When Michael F. Myers, M.D., was in medical school, a roommate committed suicide. That incident profoundly influenced the direction of his medical career and life's work. He went on to become a psychiatrist who treats physicians and medical students.

Because of his work with suffering physicians, Myers challenged psychiatrists at a recent meeting in Alberta to "do a better job of looking after our psychiatrically distressed medical colleagues" and recommended several ways psychiatrists can offer physicians help.

"We don't have to look far to see the anxiety, demoralization, job uncertainty, anger, sniping, and exhaustion in many of our fellow physicians," said Myers, who is a clinical professor of psychiatry at the University of British Columbia in Vancouver and APA's Area 7 trustee.

Depression seems common among physicians. Myers noted that six physicians committed suicide in British Columbia between June 1996 and June 1997.

"That combined with the three residents who died by suicide in one year in Manitoba and an unknown number of other physicians across Canada constitutes a national tragedy," he said.

"I am convinced that there are immense challenges for psychiatrists in the field of physician well-being. Many groups and individuals are turning to us for help and direction. Yet if we caretakers err on the side of biological reductionism or psychoanalytic orthodoxy, we miss a lot. We do not see or hear or relieve the suffering of colleagues who come to us for help."

Physicians as Patients

Physicians are reluctant to become patients because they fear being exposed, judged, abandoned, or rejected by the treating physician.

"These fears are not always irrational. There is now significant literature on shunning by doctors treating other doctors," Myers commented. "But even if our treating physician doesn't physically abandon us, many physicians do reject parts of us, which can be as hurtful, perhaps even more hurtful, than complete abandonment."

Becoming a patient also means relinquishing control and accepting a subordinate status, which is not an easy task for physicians, said Myers. He quoted a cardiologist patient of his: "I'm petrified sitting here opposite you. Thirty minutes ago I was a physician. I want to trade places with you and put my white coat back on. I want to get the hell out of here."
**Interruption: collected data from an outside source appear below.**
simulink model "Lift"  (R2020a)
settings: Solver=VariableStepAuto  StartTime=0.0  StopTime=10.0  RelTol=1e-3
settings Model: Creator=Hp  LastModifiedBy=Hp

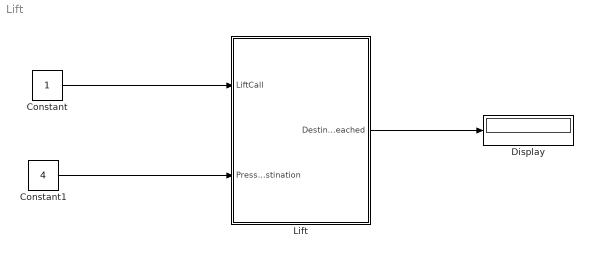
== system Lift ==
  Constant : Constant
  Constant1 : Constant  Value=4
  Display : Display
  Lift : Stateflow chart  TreatAsAtomicUnit=on
  wires:
  Constant/1 -> Lift/1(LiftCall)
  Constant1/1 -> Lift/2(PressedDestination)
  Lift/1(DestinationReached) -> Display/1

== stateflow chart Lift/Lift ==
  state StopState
    state Stopped_and_Waiting
      state InitialState
        en:
        Motor=0; Brake=1;
        Command=0;
        Door=0;
      state DestinationSelection
        en:
        Destination=PressedDestination;
      state CommandMade
        en:
        command=1;
      state SettingDown
        en:
        Up=0;
      state SettingUp
        en:
        Up=1;
      (default) -> InitialState
      InitialState -> DestinationSelection : [LiftCall==1]
      DestinationSelection -> SettingDown [order 2] : [checkPosition(CurrentPos,Destination)==-1]
      DestinationSelection -> SettingUp [order 1] : [checkPosition(CurrentPos,Destination)==1]
      SettingUp -> CommandMade
      SettingDown -> CommandMade
    state Stopped_at_Destination
      (default) -> (junction 113) : % DoorOpening
      (junction 113) -> (junction 114) [order 1] : [checkPosition(CurrentPos,Destination)==0]
      (junction 113) -> (junction 115) [order 2] : {Door=0;}
      (junction 114) -> (junction 116) : {Door=1;DestinationReached=CurrentPos;}
      (junction 116) -> (junction 115)
      (junction 115) -> (junction 117)
    (default) -> Stopped_and_Waiting
    Stopped_and_Waiting -> Stopped_and_Waiting : [LiftCall==0&&Command==0]
    Stopped_at_Destination -> Stopped_and_Waiting : [Door==1]
    DestinationSelection -> Stopped_at_Destination [order 3] : [checkPosition(CurrentPos,Destination)==0]
  state MovingState
    state MotorOn
      en:
      Motor=1;Brake=0;
      Door=0
    state MoveDown
      en:
      CurrentPos = CurrentPos - 1;
    state MoveUp
      en:
      CurrentPos = CurrentPos + 1;
    (default) -> MotorOn
    MotorOn -> MoveDown [order 2] : [Up==0]
    MotorOn -> MoveUp [order 1] : [Up==1]
    MoveDown -> MoveDown : [checkPosition(CurrentPos,Destination)==-1]
    MoveUp -> MoveUp : [checkPosition(CurrentPos,Destination)==1]
  (default) -> StopState : {CurrentPos=0;}
  MovingState -> Stopped_at_Destination : [CurrentPos==Destination]
  CommandMade -> MovingState : [command==1]
  data: CPos function_input; pos function_output; Destn function_input; LiftCall input; PressedDestination input; Command local; CurrentPos local =0; Destination local; Door local; Up local; command local; Brake local; Motor local; DestinationReached output
  function pos=checkPosition(CPos,Destn):
    | function pos=checkPosition(CPos,Destn)
    |      if(CPos==Destn)
    |         pos=0;
    |       else if(CPos>Destn)
    |             pos=-1;
    |       else 
    |                 pos=1;
    |      end
    | end
simulink library "ammclib_bam_s32k11x"  (Simulink 9.0)
settings: Solver=ode45  StartTime=0.0  StopTime=10.0  RelTol=1e-3
undefined symbols (not defined in the file): f16A1, f16A2, f16B0, f16B1, f16B2, f16C1, f16CC1, f16CC1sc, f16CC1sc_D, f16CC1sc_Q, f16CC1scD, f16CC1scQ, f16CC2, f16CC2sc, f16CC2sc_D, f16CC2sc_Q, f16CC2scD, f16CC2scQ, f16DerivGain, f16EGain, f16FiltCoef, f16HystOff, f16HystOn, f16IGain, f16IntegGain, f16IntegGainFW, f16IntegGainQ, f16Kd, f16Kq, f16Limit, f16LowerLim, f16LowerLimit_D, f16LowerLimit_Q, f16ModIndex, f16OutValOff, f16OutValOn, f16PropGain, f16PropGainFW, f16PropGainQ, f16RampDown, f16RampUp, f16UGain, f16UpperLim, f16UpperLimit, f16UpperLimit_D, f16UpperLimit_Q, f16WIGain, f32A1, f32A2, f32B0, f32B1, f32B2, f32C1, f32CC1, f32CC1sc, f32CC1sc_D, f32CC1sc_Q, f32CC1scD, f32CC1scQ, f32CC2 ... (+71)
(part 6 of 7)

== system ammclib_bam_s32k11x/MLIB/bam_f16/MLIB_AddSat_F16 ==
  note: ---------------------------------------------------------------------------------------------------------------------------------------------------------------------------------------------------
  f16In1 : Inport
  f16In2 : Inport  Port=2
  MLIB_AddSat_SF : S-Function  FunctionName=MLIB_AddSat_SF_F16  SFunctionDeploymentMode=off  EnableBusSupport=off
  copyright : Subsystem
      mask Display:
      | text(10,90,'FILE:');text(10,75,'DESRIPTION:')
      | text(10,60,'COPYRIGHT:')
      | text(10,45,'VERSION:')
      | text(10,30,'DATE:')
  copyright2 : Subsystem
      mask Display:
      | text(10,90,'MLIB_AddSat_BAM_F16.mdl');text(10,75,'Saturated sum of two input values.');text(10,60,'NXP')
      | text(10,45,'0.1');text(10,30,'20-Jan-2012');
  logo : Subsystem
      mask Display: image(imread('logo.jpg'))
  f16Out : Outport
  wires:
  MLIB_AddSat_SF/1 -> f16Out/1
  f16In2/1 -> MLIB_AddSat_SF/2
  f16In1/1 -> MLIB_AddSat_SF/1

== system ammclib_bam_s32k11x/MLIB/bam_f16/MLIB_Add_F16 ==
  note: ---------------------------------------------------------------------------------------------------------------------------------------------------------------------------------------------------
  f16In1 : Inport
  f16In2 : Inport  Port=2
  MLIB_Add_SF : S-Function  FunctionName=MLIB_Add_SF_F16  SFunctionDeploymentMode=off  EnableBusSupport=off
  copyright : Subsystem
      mask Display:
      | text(10,90,'FILE:');text(10,75,'DESRIPTION:')
      | text(10,60,'COPYRIGHT:')
      | text(10,45,'VERSION:')
      | text(10,30,'DATE:')
  copyright2 : Subsystem
      mask Display:
      | text(10,90,'MLIB_Add_BAM_F16.mdl');text(10,75,'Sum of two input values.');text(10,60,'NXP')
      | text(10,45,'0.1');text(10,30,'20-Jan-2012');
  logo : Subsystem
      mask Display: image(imread('logo.jpg'))
  f16Out : Outport
  wires:
  MLIB_Add_SF/1 -> f16Out/1
  f16In2/1 -> MLIB_Add_SF/2
  f16In1/1 -> MLIB_Add_SF/1

== system ammclib_bam_s32k11x/MLIB/bam_f16/MLIB_ConvertPU_F16F32 ==
  note: ---------------------------------------------------------------------------------------------------------------------------------------------------------------------------------------------------
  f32In : Inport
  MLIB_ConvertPU_SF : S-Function  FunctionName=MLIB_ConvertPU_SF_F16F32  SFunctionDeploymentMode=off  EnableBusSupport=off
  copyright : Subsystem
      mask Display: text(10,90,'FILE:');text(10,75,'DESRIPTION:')text(10,60,'COPYRIGHT:')text(10,45,'VERSION:')text(10,30,'DATE:')
  copyright2 : Subsystem
      mask Display: text(10,90,'MLIB_ConvertPU_BAM_F16.mdl');text(10,75,'Converts the input value to different representation in unity model.');text(10,60,'NXP')text(10,45,'0.1');text(10,30,'10-Oct-2011');
  logo : Subsystem
      mask Display: image(imread('logo.jpg'))
  f16Out : Outport
  wires:
  MLIB_ConvertPU_SF/1 -> f16Out/1
  f32In/1 -> MLIB_ConvertPU_SF/1

== system ammclib_bam_s32k11x/MLIB/bam_f16/MLIB_Convert_F16F32 ==
  note: ---------------------------------------------------------------------------------------------------------------------------------------------------------------------------------------------------
  f32In1 : Inport
  f32In2 : Inport  Port=2
  MLIB_Convert_SF : S-Function  FunctionName=MLIB_Convert_SF_F16F32  SFunctionDeploymentMode=off  EnableBusSupport=off
  copyright : Subsystem
      mask Display:
      | text(10,90,'FILE:');text(10,75,'DESRIPTION:')
      | text(10,60,'COPYRIGHT:')
      | text(10,45,'VERSION:')
      | text(10,30,'DATE:')
  copyright2 : Subsystem
      mask Display:
      | text(10,90,'MLIB_Convert_BAM_F16F32.mdl');text(10,75,'Converts the input value with scale to different representation in unity model.');text(10,60,'NXP')
      | text(10,45,'0.1');text(10,30,'13-Oct-2011');
  logo : Subsystem
      mask Display: image(imread('logo.jpg'))
  f16Out : Outport
  wires:
  MLIB_Convert_SF/1 -> f16Out/1
  f32In2/1 -> MLIB_Convert_SF/2
  f32In1/1 -> MLIB_Convert_SF/1

== system ammclib_bam_s32k11x/MLIB/bam_f16/MLIB_DivSat_F16 ==
  note: ---------------------------------------------------------------------------------------------------------------------------------------------------------------------------------------------------
  f16In1 : Inport
  f16In2 : Inport  Port=2
  MLIB_DivSat_SF : S-Function  FunctionName=MLIB_DivSat_SF_F16  SFunctionDeploymentMode=off  EnableBusSupport=off
  copyright : Subsystem
      mask Display:
      | text(10,90,'FILE:');text(10,75,'DESRIPTION:')
      | text(10,60,'COPYRIGHT:')
      | text(10,45,'VERSION:')
      | text(10,30,'DATE:')
  copyright2 : Subsystem
      mask Display:
      | text(10,90,'MLIB_DivSat_BAM_F16.mdl');text(10,75,'Division of two input values saturated if necessary.');text(10,60,'NXP')
      | text(10,45,'0.1');text(10,30,'19-Aug-2011');
  logo : Subsystem
      mask Display: image(imread('logo.jpg'))
  f16Out : Outport
  wires:
  MLIB_DivSat_SF/1 -> f16Out/1
  f16In2/1 -> MLIB_DivSat_SF/2
  f16In1/1 -> MLIB_DivSat_SF/1

== system ammclib_bam_s32k11x/MLIB/bam_f16/MLIB_Div_F16 ==
  note: ---------------------------------------------------------------------------------------------------------------------------------------------------------------------------------------------------
  f16In1 : Inport
  f16In2 : Inport  Port=2
  MLIB_Div_SF : S-Function  FunctionName=MLIB_Div_SF_F16  SFunctionDeploymentMode=off  EnableBusSupport=off
  copyright : Subsystem
      mask Display:
      | text(10,90,'FILE:');text(10,75,'DESRIPTION:')
      | text(10,60,'COPYRIGHT:')
      | text(10,45,'VERSION:')
      | text(10,30,'DATE:')
  copyright2 : Subsystem
      mask Display:
      | text(10,90,'MLIB_Div_BAM_F16.mdl');text(10,75,'Division of two input values.');text(10,60,'Freescale')
      | text(10,45,'0.1');text(10,30,'19-Aug-2011');
  logo : Subsystem
      mask Display: image(imread('logo.jpg'))
  f16Out : Outport
  wires:
  MLIB_Div_SF/1 -> f16Out/1
  f16In2/1 -> MLIB_Div_SF/2
  f16In1/1 -> MLIB_Div_SF/1

== system ammclib_bam_s32k11x/MLIB/bam_f16/MLIB_MacSat_F16 ==
  note: ---------------------------------------------------------------------------------------------------------------------------------------------------------------------------------------------------
  f16In1 : Inport
  f16In2 : Inport  Port=2
  f16In3 : Inport  Port=3
  MLIB_MacSat_SF : S-Function  FunctionName=MLIB_MacSat_SF_F16  SFunctionDeploymentMode=off  EnableBusSupport=off
  copyright : Subsystem
      mask Display:
      | text(10,90,'FILE:');text(10,75,'DESRIPTION:')
      | text(10,60,'COPYRIGHT:')
      | text(10,45,'VERSION:')
      | text(10,30,'DATE:')
  copyright2 : Subsystem
      mask Display:
      | text(10,90,'MLIB_MacSat_BAM_F16.mdl');text(10,75,'Saturated sum of two input values.');text(10,60,'NXP')
      | text(10,45,'0.1');text(10,30,'22-Aug-2011');
  logo : Subsystem
      mask Display: image(imread('logo.jpg'))
  f16Out : Outport
  wires:
  MLIB_MacSat_SF/1 -> f16Out/1
  f16In3/1 -> MLIB_MacSat_SF/3
  f16In2/1 -> MLIB_MacSat_SF/2
  f16In1/1 -> MLIB_MacSat_SF/1

== system ammclib_bam_s32k11x/MLIB/bam_f16/MLIB_Mac_F16 ==
  note: ---------------------------------------------------------------------------------------------------------------------------------------------------------------------------------------------------
  f16In1 : Inport
  f16In2 : Inport  Port=2
  f16In3 : Inport  Port=3
  MLIB_Mac_SF : S-Function  FunctionName=MLIB_Mac_SF_F16  SFunctionDeploymentMode=off  EnableBusSupport=off
  copyright : Subsystem
      mask Display:
      | text(10,90,'FILE:');text(10,75,'DESRIPTION:')
      | text(10,60,'COPYRIGHT:')
      | text(10,45,'VERSION:')
      | text(10,30,'DATE:')
  copyright2 : Subsystem
      mask Display:
      | text(10,90,'MLIB_Mac_BAM_F16.mdl');text(10,75,'Sum of two input values.');text(10,60,'NXP')
      | text(10,45,'0.1');text(10,30,'18-Jul-2011');
  logo : Subsystem
      mask Display: image(imread('logo.jpg'))
  f16Out : Outport
  wires:
  MLIB_Mac_SF/1 -> f16Out/1
  f16In3/1 -> MLIB_Mac_SF/3
  f16In2/1 -> MLIB_Mac_SF/2
  f16In1/1 -> MLIB_Mac_SF/1

== system ammclib_bam_s32k11x/MLIB/bam_f16/MLIB_Mnac_F16 ==
  note: ---------------------------------------------------------------------------------------------------------------------------------------------------------------------------------------------------
  f16In1 : Inport
  f16In2 : Inport  Port=2
  f16In3 : Inport  Port=3
  MLIB_Mnac_SF : S-Function  FunctionName=MLIB_Mnac_SF_F16  SFunctionDeploymentMode=off  EnableBusSupport=off
  copyright : Subsystem
      mask Display:
      | text(10,90,'FILE:');text(10,75,'DESRIPTION:')
      | text(10,60,'COPYRIGHT:')
      | text(10,45,'VERSION:')
      | text(10,30,'DATE:')
  copyright2 : Subsystem
      mask Display:
      | text(10,90,'MLIB_Mnac_BAM_F16.mdl');text(10,75,'Multiply-negative-accumulate.');text(10,60,'Freescale')
      | text(10,45,'1.0');text(10,30,'27-Mar-2015');
  logo : Subsystem
      mask Display: image(imread('logo.jpg'))
  f16Out : Outport
  wires:
  MLIB_Mnac_SF/1 -> f16Out/1
  f16In3/1 -> MLIB_Mnac_SF/3
  f16In2/1 -> MLIB_Mnac_SF/2
  f16In1/1 -> MLIB_Mnac_SF/1

== system ammclib_bam_s32k11x/MLIB/bam_f16/MLIB_Msu_F16 ==
  note: ---------------------------------------------------------------------------------------------------------------------------------------------------------------------------------------------------
  f16In1 : Inport
  f16In2 : Inport  Port=2
  f16In3 : Inport  Port=3
  MLIB_Msu_SF : S-Function  FunctionName=MLIB_Msu_SF_F16  SFunctionDeploymentMode=off  EnableBusSupport=off
  copyright : Subsystem
      mask Display:
      | text(10,90,'FILE:');text(10,75,'DESRIPTION:')
      | text(10,60,'COPYRIGHT:')
      | text(10,45,'VERSION:')
      | text(10,30,'DATE:')
  copyright2 : Subsystem
      mask Display:
      | text(10,90,'MLIB_Msu_BAM_F16.mdl');text(10,75,'Multiply-subtract-from.');text(10,60,'NXP')
      | text(10,45,'1.0');text(10,30,'27-Mar-2015');
  logo : Subsystem
      mask Display: image(imread('logo.jpg'))
  f16Out : Outport
  wires:
  MLIB_Msu_SF/1 -> f16Out/1
  f16In3/1 -> MLIB_Msu_SF/3
  f16In2/1 -> MLIB_Msu_SF/2
  f16In1/1 -> MLIB_Msu_SF/1

== system ammclib_bam_s32k11x/MLIB/bam_f16/MLIB_MulSat_F16 ==
  note: ---------------------------------------------------------------------------------------------------------------------------------------------------------------------------------------------------
  f16In1 : Inport
  f16In2 : Inport  Port=2
  MLIB_MulSat_SF : S-Function  FunctionName=MLIB_MulSat_SF_F16  SFunctionDeploymentMode=off  EnableBusSupport=off
  copyright : Subsystem
      mask Display:
      | text(10,90,'FILE:');text(10,75,'DESRIPTION:')
      | text(10,60,'COPYRIGHT:')
      | text(10,45,'VERSION:')
      | text(10,30,'DATE:')
  copyright2 : Subsystem
      mask Display:
      | text(10,90,'MLIB_MulSat_BAM_F16.mdl');text(10,75,'Saturated sum of two input values.');text(10,60,'NXP')
      | text(10,45,'0.1');text(10,30,'01-Aug-2011');
  logo : Subsystem
      mask Display: image(imread('logo.jpg'))
  f16Out : Outport
  wires:
  MLIB_MulSat_SF/1 -> f16Out/1
  f16In2/1 -> MLIB_MulSat_SF/2
  f16In1/1 -> MLIB_MulSat_SF/1

== system ammclib_bam_s32k11x/MLIB/bam_f16/MLIB_Mul_F16 ==
  note: ---------------------------------------------------------------------------------------------------------------------------------------------------------------------------------------------------
  f16In1 : Inport
  f16In2 : Inport  Port=2
  MLIB_Mul_SF : S-Function  FunctionName=MLIB_Mul_SF_F16  SFunctionDeploymentMode=off  EnableBusSupport=off
  copyright : Subsystem
      mask Display:
      | text(10,90,'FILE:');text(10,75,'DESRIPTION:')
      | text(10,60,'COPYRIGHT:')
      | text(10,45,'VERSION:')
      | text(10,30,'DATE:')
  copyright2 : Subsystem
      mask Display:
      | text(10,90,'MLIB_Mul_BAM_F16.mdl');text(10,75,'Sum of two input values.');text(10,60,'NXP')
      | text(10,45,'0.1');text(10,30,'26-Jul-2011');
  logo : Subsystem
      mask Display: image(imread('logo.jpg'))
  f16Out : Outport
  wires:
  MLIB_Mul_SF/1 -> f16Out/1
  f16In2/1 -> MLIB_Mul_SF/2
  f16In1/1 -> MLIB_Mul_SF/1

== system ammclib_bam_s32k11x/MLIB/bam_f16/MLIB_NegSat_F16 ==
  note: ---------------------------------------------------------------------------------------------------------------------------------------------------------------------------------------------------
  f16In : Inport
  MLIB_NegSat_SF : S-Function  FunctionName=MLIB_NegSat_SF_F16  SFunctionDeploymentMode=off  EnableBusSupport=off
  copyright : Subsystem
      mask Display: text(10,90,'FILE:');text(10,75,'DESRIPTION:')text(10,60,'COPYRIGHT:')text(10,45,'VERSION:')text(10,30,'DATE:')
  copyright2 : Subsystem
      mask Display: text(10,90,'MLIB_NegSat_BAM_F16.mdl');text(10,75,'Sum of two input values.');text(10,60,'NXP')text(10,45,'0.1');text(10,30,'12-Jul-2011');
  logo : Subsystem
      mask Display: image(imread('logo.jpg'))
  f16Out : Outport
  wires:
  MLIB_NegSat_SF/1 -> f16Out/1
  f16In/1 -> MLIB_NegSat_SF/1

== system ammclib_bam_s32k11x/MLIB/bam_f16/MLIB_Neg_F16 ==
  note: ---------------------------------------------------------------------------------------------------------------------------------------------------------------------------------------------------
  f16In : Inport
  MLIB_Neg_SF : S-Function  FunctionName=MLIB_Neg_SF_F16  SFunctionDeploymentMode=off  EnableBusSupport=off
  copyright : Subsystem
      mask Display: text(10,90,'FILE:');text(10,75,'DESRIPTION:')text(10,60,'COPYRIGHT:')text(10,45,'VERSION:')text(10,30,'DATE:')
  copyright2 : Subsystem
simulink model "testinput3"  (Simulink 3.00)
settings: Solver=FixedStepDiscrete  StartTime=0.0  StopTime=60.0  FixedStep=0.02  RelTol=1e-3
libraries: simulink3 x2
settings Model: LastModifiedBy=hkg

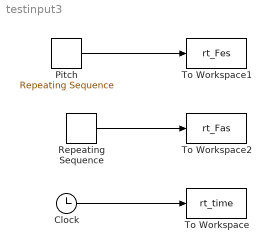
== system testinput3 ==
  Clock : Clock
      settings: DisplayTime=off  Decimation=10
  Pitch : simulink3/Sources/Repeating Sequence  rep_seq_t=[0 0.6 99 100]  rep_seq_y=[0 80 80 0]
  Repeating Sequence : simulink3/Sources/Repeating Sequence  rep_seq_t=[0 0.01 0.8 0.81 100]  rep_seq_y=[0 60 60 0 0]
  To Workspace : ToWorkspace  VariableName=rt_time  SampleTime=-1  SaveFormat=Matrix
  To Workspace1 : ToWorkspace  VariableName=rt_Fes  SampleTime=-1  SaveFormat=Matrix
  To Workspace2 : ToWorkspace  VariableName=rt_Fas  SampleTime=-1  SaveFormat=Matrix
  wires:
  Clock/1 -> To Workspace/1
  Pitch/1 -> To Workspace1/1
  Repeating Sequence/1 -> To Workspace2/1
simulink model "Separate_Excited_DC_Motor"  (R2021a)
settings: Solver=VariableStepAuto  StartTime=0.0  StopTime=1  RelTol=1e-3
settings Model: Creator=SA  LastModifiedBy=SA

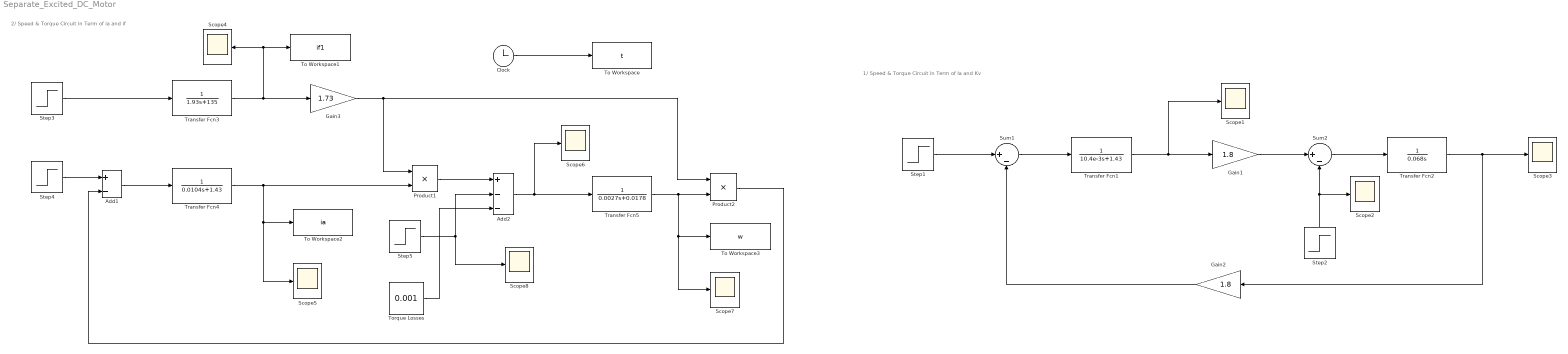
== system Separate_Excited_DC_Motor ==
  note: 2/ Speed & Torque Circuit in Term of ia and if
  note: 1/ Speed & Torque Circuit in Term of Ia and Kv
  Add1 : Sum  Inputs=+-
  Add2 : Sum  Inputs=+--
  Clock : Clock
  Gain1 : Gain  Gain=1.8
  Gain2 : Gain  Gain=1.8
  Gain3 : Gain  Gain=1.73
  Product1 : Product
  Product2 : Product
  Scope{1..8} (8 alike) : Scope
  Step1 : Step  Time=0  After=240  SampleTime=0
  Step2 : Step  Time=0.1  After=-302  SampleTime=0
  Step3 : Step  Time=0  After=115  SampleTime=0
  Step4 : Step  Time=0  After=240  SampleTime=0
  Step5 : Step  Time=0.1  After=-1000  SampleTime=0
  Sum1 : Sum  Inputs=|+-
  Sum2 : Sum  Inputs=|+-
  To Workspace : ToWorkspace  VariableName=t  SaveFormat=Timeseries  SampleTime=-1
  To Workspace1 : ToWorkspace  VariableName=if1  SaveFormat=Timeseries  SampleTime=-1
  To Workspace2 : ToWorkspace  VariableName=ia  SaveFormat=Timeseries  SampleTime=-1
  To Workspace3 : ToWorkspace  VariableName=w  SaveFormat=Timeseries  SampleTime=-1
  Torque Losses : Constant  Value=0.001
  Transfer Fcn1 : TransferFcn  Denominator=[10.4e-3 1.43]
  Transfer Fcn2 : TransferFcn  Denominator=[0.068 0]
  Transfer Fcn3 : TransferFcn  Denominator=[1.93 135]
  Transfer Fcn4 : TransferFcn  Denominator=[0.0104 1.43]
  Transfer Fcn5 : TransferFcn  Denominator=[0.0027 0.0178]
  wires:
  Step1/1 -> Sum1/1
  Sum1/1 -> Transfer Fcn1/1
  Transfer Fcn1/1 -> Gain1/1, Scope1/1
  Gain1/1 -> Sum2/1
  Step2/1 -> Scope2/1, Sum2/2
  Sum2/1 -> Transfer Fcn2/1
  Transfer Fcn2/1 -> Scope3/1, Gain2/1
  Gain2/1 -> Sum1/2
  Add1/1 -> Transfer Fcn4/1
  Transfer Fcn4/1 -> Scope5/1, To Workspace2/1, Product1/2
  Product1/1 -> Add2/1
  Gain3/1 -> Product1/1, Product2/1
  Transfer Fcn3/1 -> To Workspace1/1, Scope4/1, Gain3/1
  Step3/1 -> Transfer Fcn3/1
  Step4/1 -> Add1/1
  Step5/1 -> Scope8/1, Add2/2
  Torque Losses/1 -> Add2/3
  Add2/1 -> Scope6/1, Transfer Fcn5/1
  Transfer Fcn5/1 -> Scope7/1, To Workspace3/1, Product2/2
  Product2/1 -> Add1/2
  Clock/1 -> To Workspace/1

Becoming a patient, however, can also bring relief to distressed physicians because they now have someone to look after them and instill a sense of hope in them, Myers commented.

When Physicians Become Ill

Myers observed that when physicians become ill, their first reactions are denial and minimization of symptoms. "We must watch for this when we treat physicians with depression. Given the feared consequences of disclosure, many will deny that they are suicidal, sometimes dangerously so," Myers stated.

Physicians also procrastinate and avoid seeking health care. "Thus, many will be very ill when they call us and do not have family physicians or, even if they do, will bypass them."

He pointed out that nearly all physicians who consult psychiatrists feel embarrassed. "They live with terrible shame that is either a symptom of their illness or [a result of being] a physician who does not feel well," Myers said.

Physician-patients commonly experience a sense of failure and guilt, describing themselves as losers and pathetic.

"They feel that they are letting others down-other physicians on the service or practice, their families, their patients, their students, basically everyone in the world including us," Myers observed.

He advised his colleagues "not to miss the anxiety behind the calm facade in some of our physician-patients. The characteristic armor that allows physicians to do their daily work may be out in full force when physicians sit opposite us in our offices."

Reactions of Treating Psychiatrists

Physicians are often wary of their colleagues who are psychiatrists. "We must be available, clear, thorough, accepting, and often quite concrete in our explanations," recommended Myers.

"We should expect to feel more anxious treating other psychiatrists who have a similar or greater knowledge base than our own," said Myers.

"If our psychiatrist patient is senior to us, or someone who is or whom we perceive as more accomplished, successful, or simply brighter, we should note that. These are just a few of the dynamics that may put us at ease or intimidate us, and therefore affect how we treat physicians or whether we even engage in a covenant of caring at all."

Treating other physicians can also trigger feelings of vulnerability in psychiatrists. "In our most open state, we see our own conflicts, fears, faults, secrets, and fragments of shame played out and enacted in our patients' words," Myers said.

Psychiatrists may also respond to their physician-patients by feeling embarrassed or failing to ask important questions, explore in depth what they should, or exercise their usual thoroughness, said Myers.

"We may feel honored or flattered that a physician has chosen us as his or her psychiatrist. Or we may feel defensive, resorting to a cool and stiff manner, humorlessness, eschewing of complex dynamics, psychiatric chauvinism, and biomedical skewing."

Psychiatrists who are wounded healers may believe they have nowhere to turn for help because they fear or are aware of their colleagues' reactions, Myers noted.

"This painful isolation leads to suppression and repression of one's normal needs, contributes to burnout and errors in professional judgment, feeds the temptation to drink and self-medicate, and probably contributes to stress-related illness and suicide. The wounded healer is killed by his or her work. How sad," Myers commented.

He urged psychiatrists to heed the "poignant and sad words of Dr. Mark Lupin, whose physician brother committed suicide in June 1996: 'If given the good fortune to look after a colleague, double your efforts and your skepticism; we may fool ourselves, but we must not fool each other.'"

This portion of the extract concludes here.